Somando-se a estes, a produção de forma terceirizada ainda se dá por meio de equipes. Esta é mais uma forma de retirar a individualidade do trabalho e repassa-la para um grupo de trabalhadores. As costureiras mais antigas, revela a pesquisa, disseram considerar o trabalho em 1995 mais fácil, pois se preocupavam apenas com o seu trabalho. Com os pedidos sendo feitos em metas, o controle sobre a qualidade sendo mais intenso, o empregado tendo que se preocupar com diversas outras atividades além daquela pela qual foi contratado, com cobranças sobre um grupo cada vez mais impessoais, forma-se a mistura do bolo “terceirização”.
A autora, portanto, nos traz algumas luzes a repeito do que este fenômeno trouxe aos trabalhadores daquela empresa. A proteção ao trabalhador, principio basilar do direito do trabalho, parece não ser a meta que vem atingindo a utilização de empresas interpostas.
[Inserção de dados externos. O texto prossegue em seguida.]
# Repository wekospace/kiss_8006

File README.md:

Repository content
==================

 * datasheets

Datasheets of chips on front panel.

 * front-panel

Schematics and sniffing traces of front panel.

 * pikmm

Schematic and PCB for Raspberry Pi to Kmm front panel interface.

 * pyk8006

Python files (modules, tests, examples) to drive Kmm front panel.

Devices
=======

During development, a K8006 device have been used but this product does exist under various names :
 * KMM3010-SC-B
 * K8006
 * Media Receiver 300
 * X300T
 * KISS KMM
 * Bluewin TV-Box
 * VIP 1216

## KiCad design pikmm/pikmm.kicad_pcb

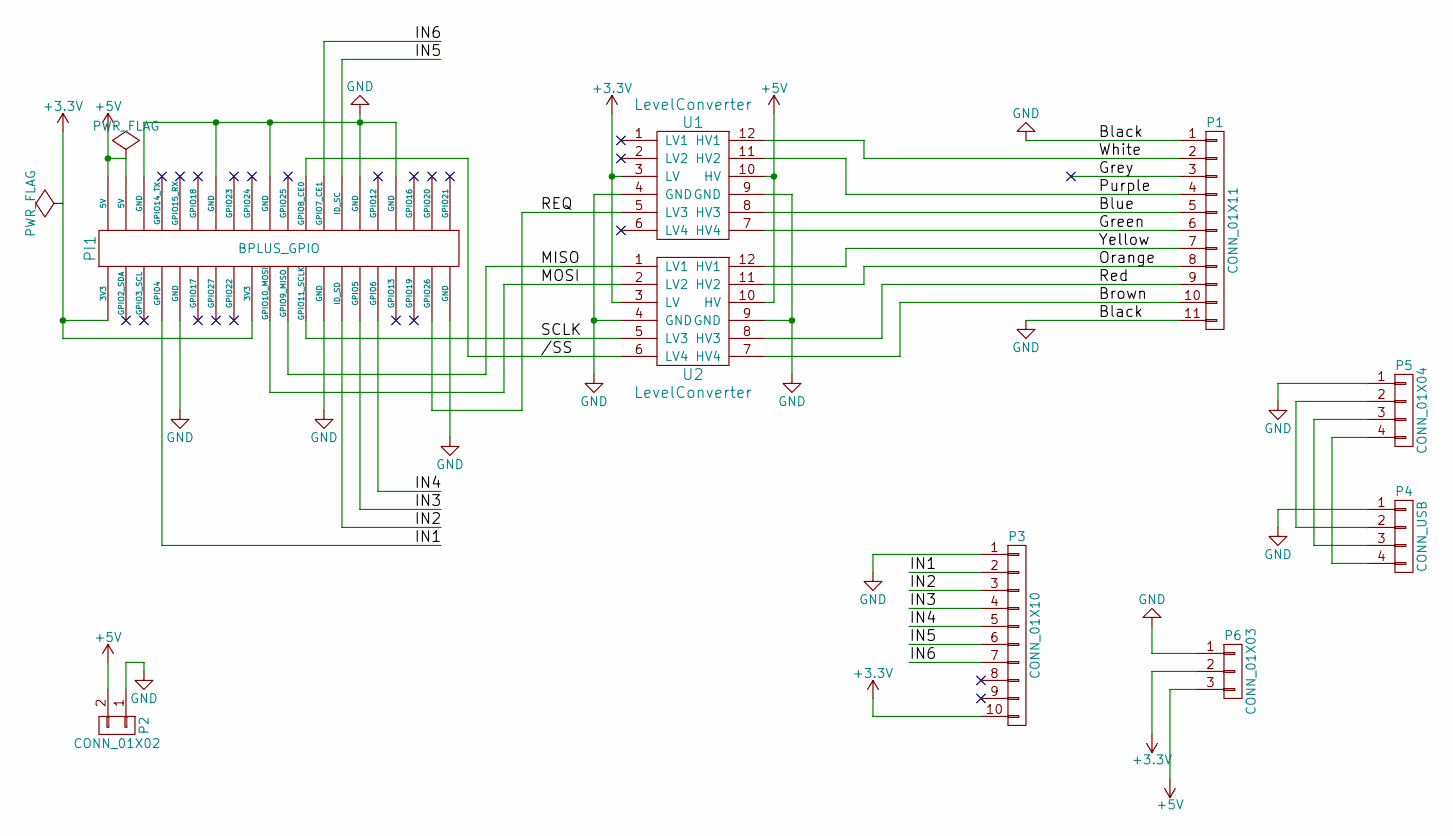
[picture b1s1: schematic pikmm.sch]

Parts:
P1: CONN_01X11; Molex_PicoBlade_53047-1110
P2: CONN_01X02; Pin_Header_Straight_1x02
P3: CONN_01X10; Pin_Header_Straight_1x10
P4: CONN_USB; Pin_Header_Straight_1x04_Pitch2.00mm
P5: CONN_01X04; Pin_Header_Straight_1x04
P6: CONN_01X03; Pin_Header_Straight_1x03
PI1: BPLUS_GPIO; Pin_Header_Straight_2x20
U1, U2: LevelConverter; DIP12_W5

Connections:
+3V3: P3.10, P6.2, PI1.1 (3V3), PI1.17 (3V3), U1.3 (LV), U2.3 (LV)
+5V: P2.2, P6.3, PI1.2 (5V), PI1.4 (5V), U1.10 (HV), U2.10 (HV)
//SS: PI1.24 (GPIO8_CE0), U2.6 (LV4)
/Blue: P1.5, U1.8 (HV3)
/Brown: P1.10, U2.7 (HV4)
/Green: P1.6, U1.7 (HV4)
/Grey: P1.3
/IN1: P3.2, PI1.7 (GPIO4)
/IN2: P3.3, PI1.27 (ID_SD)
/IN3: P3.4, PI1.29 (GPIO5)
/IN4: P3.5, PI1.31 (GPIO6)
/IN5: P3.6, PI1.28 (ID_SC)
/IN6: P3.7, PI1.26 (GPIO7_CE1)
/MISO: PI1.21 (GPIO9_MISO), U2.1 (LV1)
/MOSI: PI1.19 (GPIO10_MOSI), U2.2 (LV2)
/Orange: P1.8, U2.11 (HV2)
/Purple: P1.4, U1.11 (HV2)
/REQ: PI1.37 (GPIO26), U1.5 (LV3)
/Red: P1.9, U2.8 (HV3)
/SCLK: PI1.23 (GPIO11_SCLK), U2.5 (LV3)
/White: P1.2, U1.12 (HV1)
/Yellow: P1.7, U2.12 (HV1)
GND: P1.1, P1.11, P2.1, P3.1, P4.1, P5.1, P6.1, PI1.6 (GND), PI1.9 (GND), PI1.14 (GND), PI1.20 (GND), PI1.25 (GND), PI1.30 (GND), PI1.34 (GND), PI1.39 (GND), U1.4 (GND), U1.9 (GND), U2.4 (GND), U2.9 (GND)
unnamed: P4.2, P5.2
unnamed: P4.3, P5.3
unnamed: P4.4, P5.4

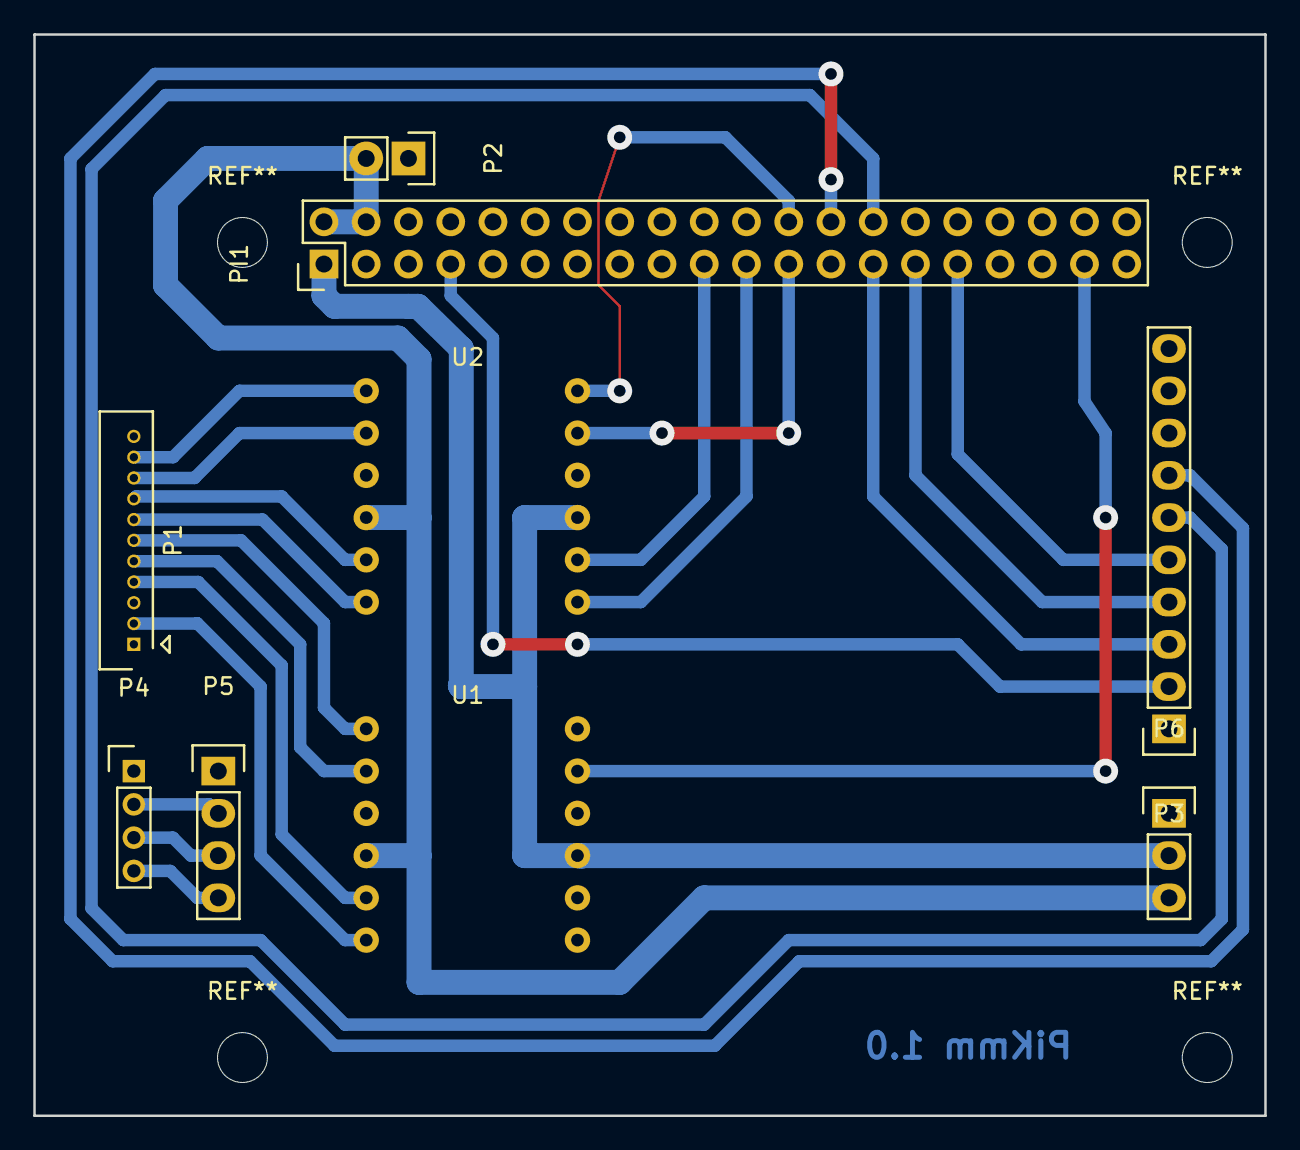
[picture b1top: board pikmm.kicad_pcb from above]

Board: 2 copper layers, 74.0 x 65.0 mm, 9 parts (0 on the bottom side), 25 nets.

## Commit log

2015-11-28 Import front panel schema
2016-01-17 Initial import of pyk8006
    A tool to drive front panel of k8006
2016-01-17 Import decoded frames and fuzzing results
2016-01-17 Move schematics into dedicated directory
2016-01-17 Import sigrok session of initialization
2016-01-17 Commit as backup, sorry for dirty things ;)
2016-01-24 Rework python module
    * Add tests
    * Rename functions
    * Use python3
    * Introduice new discovered commands (and features)
2016-02-05 Minor clean up
2016-02-05 Remove unused function
2016-02-05 Attempt to be more PEP8 :)
2016-02-06 PEP8: python3's default encoding is UTF-8
2016-02-06 Implement an async io thread.
    This commit allow to choose to use a thread to handle IO with Kmm (K8006 front-panel).
    Threading this task permit full-duplex communication: ie. being able to send commands while receiving data.
    Additionnally, this now allow multiple task to queue commands to front panel and to prevent from loosing incomming data
2016-02-06 "k8006" module is now "kmm" package
2016-02-06 Split sources into dedicated files and rename to Kmm*
2016-02-06 Remove old files
2016-02-06 Move LedColor Enum to bottom of file
2016-02-06 Add IR keys mapping.
    This commit also introduces input_button callback
2016-02-06 Buttons test: only display debug when debug is enabled
2016-02-06 Fix "voicemail" IR remote key name
2016-02-06 Add KmmPi class to ease setup on Raspberry Pi
2016-02-07 Move request_reception() function before register_input_button_callback()
2016-02-07 Rework input event handling
    Add a dedicated decoder class.
    Detect pressed and hold keys and report them as it with timestamp and duration when relevant (ie. hold)
2016-02-07 test_pi_buttons.py: minor fix
2016-02-07 Test input event duration using VFD
2016-02-08 KmmPi: fix debug flag
2016-02-08 KmmInputEvent: handle Ir key released
2016-02-08 Implement front panel button as KmmInputEvent (pressed, hold and released)
2016-04-08 Schematic: renamed SPI wires
2016-04-09 PiKmm: initial import
2016-05-08 test_pi_buttons: make it works with PiKmm board
2016-05-08 test_pi_buttons: count detected failures
    Note: it could have false-positive failures due to unsynchronized thread
2016-06-10 Add universal remote guide (in french)
2016-06-10 Tests: add raw Pi IRQ pin test
2016-06-10 Import xbmcclient.py from https://github.com/xbmc/xbmc
    The file have been fetched using:
    wget https://raw.githubusercontent.com/xbmc/xbmc/master/tools/EventClients/lib/python/xbmcclient.py
    (git commit: b0fa5b3d3209a55c4f7742026d8fc51df8fc8b93)
2016-06-10 XBMCClient: use python 3
2016-06-10 pyk8006: set IRQ default pin to PiKmm IRQ pin
2016-06-10 Kodi remote: import kodi client to handle Kmm buttons (local and remote)
2016-06-10 XBMCClient: remove debug-related prints
2016-06-10 Add a README
2016-06-13 Kodiremote: set power LED to green
2016-06-13 Kodiremote: use it as a user service (systemd)
2016-06-13 tests: load module from path relative to script location
2016-06-13 test_pi_buttons: remove junk code
2016-06-13 Kmm: rework IR inputs handling
2016-06-13 KmmIoThread: resync received frame on start byte when relevant
    This commit allow to sync to start of frame when:
    * We receive bytes after start byte (e.g. after a crash)
    * We receive a frame which contains another 0x23, which means we have a bad frame
2016-06-17 Kmm: do not crash when key is badly received
2016-06-17 Kmm: improve print-based debug
2016-06-17 Kmm: only drop frame if current frame is corrupt, not whole buffer
2016-06-17 KmmInputEvent: release last button on error
2016-06-18 Relay: import RelayBoard module
2016-06-18 Kmm: do not check callback if not relevant
2016-06-18 Kmm: add a input event worker
2016-06-18 Kmm: put some notes on reversed commands
2016-06-18 Rename pyk8006 into python
2016-06-18 Move relay test into tests/
2016-06-18 KissMPD: import new module for MPD
2016-06-18 KissMeD: import main kissme daemon
2016-06-18 KissMPD: display track duration
2016-06-18 KissMPD: fix previous()
2016-06-18 Kodiremote: rename python script
2016-06-18 KissMeD: allow to load module from ../share/pyshared/
2016-06-18 KissMeD: center text when display current mode
2016-06-18 KissMeD: minor text displaying fixes
2016-06-18 KissMeD: use dict to assign functions to keys
2016-06-18 KissMPD: return state change on update_status()
2016-06-18 KissMPD: fix volume limits
2016-06-18 KissMPD: implement missing pause() and play_pause()
2016-06-18 KissMeD: power on when music is started when KissMe is off
2016-06-18 KissMeD: put operations in a KissMe class
2016-06-18 KissMPD: do not print change on stdout
2016-06-18 KissMPD: display state change on VFD
2016-06-18 Kmm: clear() now really clear VFD (not only text)
2016-06-18 KimInputEventWorker: do not catch bugs :)
2016-06-18 KissMeD: add a systemd service unit
2016-06-18 Kmm: add a tiny tool to test directly commands and raw data
2016-06-19 KissMeD service: improve output to journalctl
2016-06-19 KissMeD: auto-shutdown when unused
2016-06-19 KissMeD: let "Video" display on video mode
2016-06-19 KissMPD: pause() should not un-pause
2016-06-19 Kmm: truncate payload to max lenght
2016-06-19 KissMeD: handle music-realated keys in KissMPD module
2016-06-19 Convert KodiClient daemon into module 1/2
2016-06-19 Convert KodiClient daemon into module 2/2
2016-06-19 KissMeD: use KissKodi for video mode
2016-06-19 KissMeD: stop video when leaving video mode
2016-07-04 KissMed: sync multi-thread reading of "mode"
2016-07-04 Relay: handle amplifier relay
2016-07-04 KissKodi: support volume up/down key holding
2016-07-04 KissMed: raise to 5min the time before shutting down
2016-07-04 KissMPD: fix text when track have no title or artist
2016-07-06 KissMPD: do not display time when tag is not available
2016-11-11 Update schematics
2016-11-11 Import case drawings and milling stand
2017-02-25 KissMeD: enable luz power control
2017-03-21 Relay: support "1" as True
2017-03-21 KissMeD: assign yellow key to console mode
2017-03-26 KissKodi: display action using "flashing text"
2017-03-26 KissMeD: reduce hold time to switch mode
2017-03-26 KissMPD: display some blanks between text scrolls
2017-03-26 KissMeD: refresh display using mode string when not defined
2017-10-01 PiKmm: fixes submodules usage

A utilização das oficinas de costura apenas demonstrou uma significativa intensificação do trabalho, e um aumento do desemprego (já que o quadro de funcionários caiu de 455 em 1993 para 79 e 15 facções de terceirizados em 2007) mostrando-se contraditória em relação aos fins do aludido principio.
[1] Pesquisa publicada na revista “Trabalho Necessário”, nº 10, ano 8 (2010), resultado da dissertação de Mestrado em Educação da Universidade Federal de Santa Catarina de Vilma Marta Caleffi (disponível no site: http://www.uff.br/trabalhonecessario/)
[2]RABELO, Giani. Trabalho Arcaico no Moderno Mundo da Moda. Dissertação de Mestrado, UFSC,1997. Nesta pesquisa, o autor constatou quais eram as condições laborais e a forma de organização do trabalho de uma determinada empresa de costura, em 1995.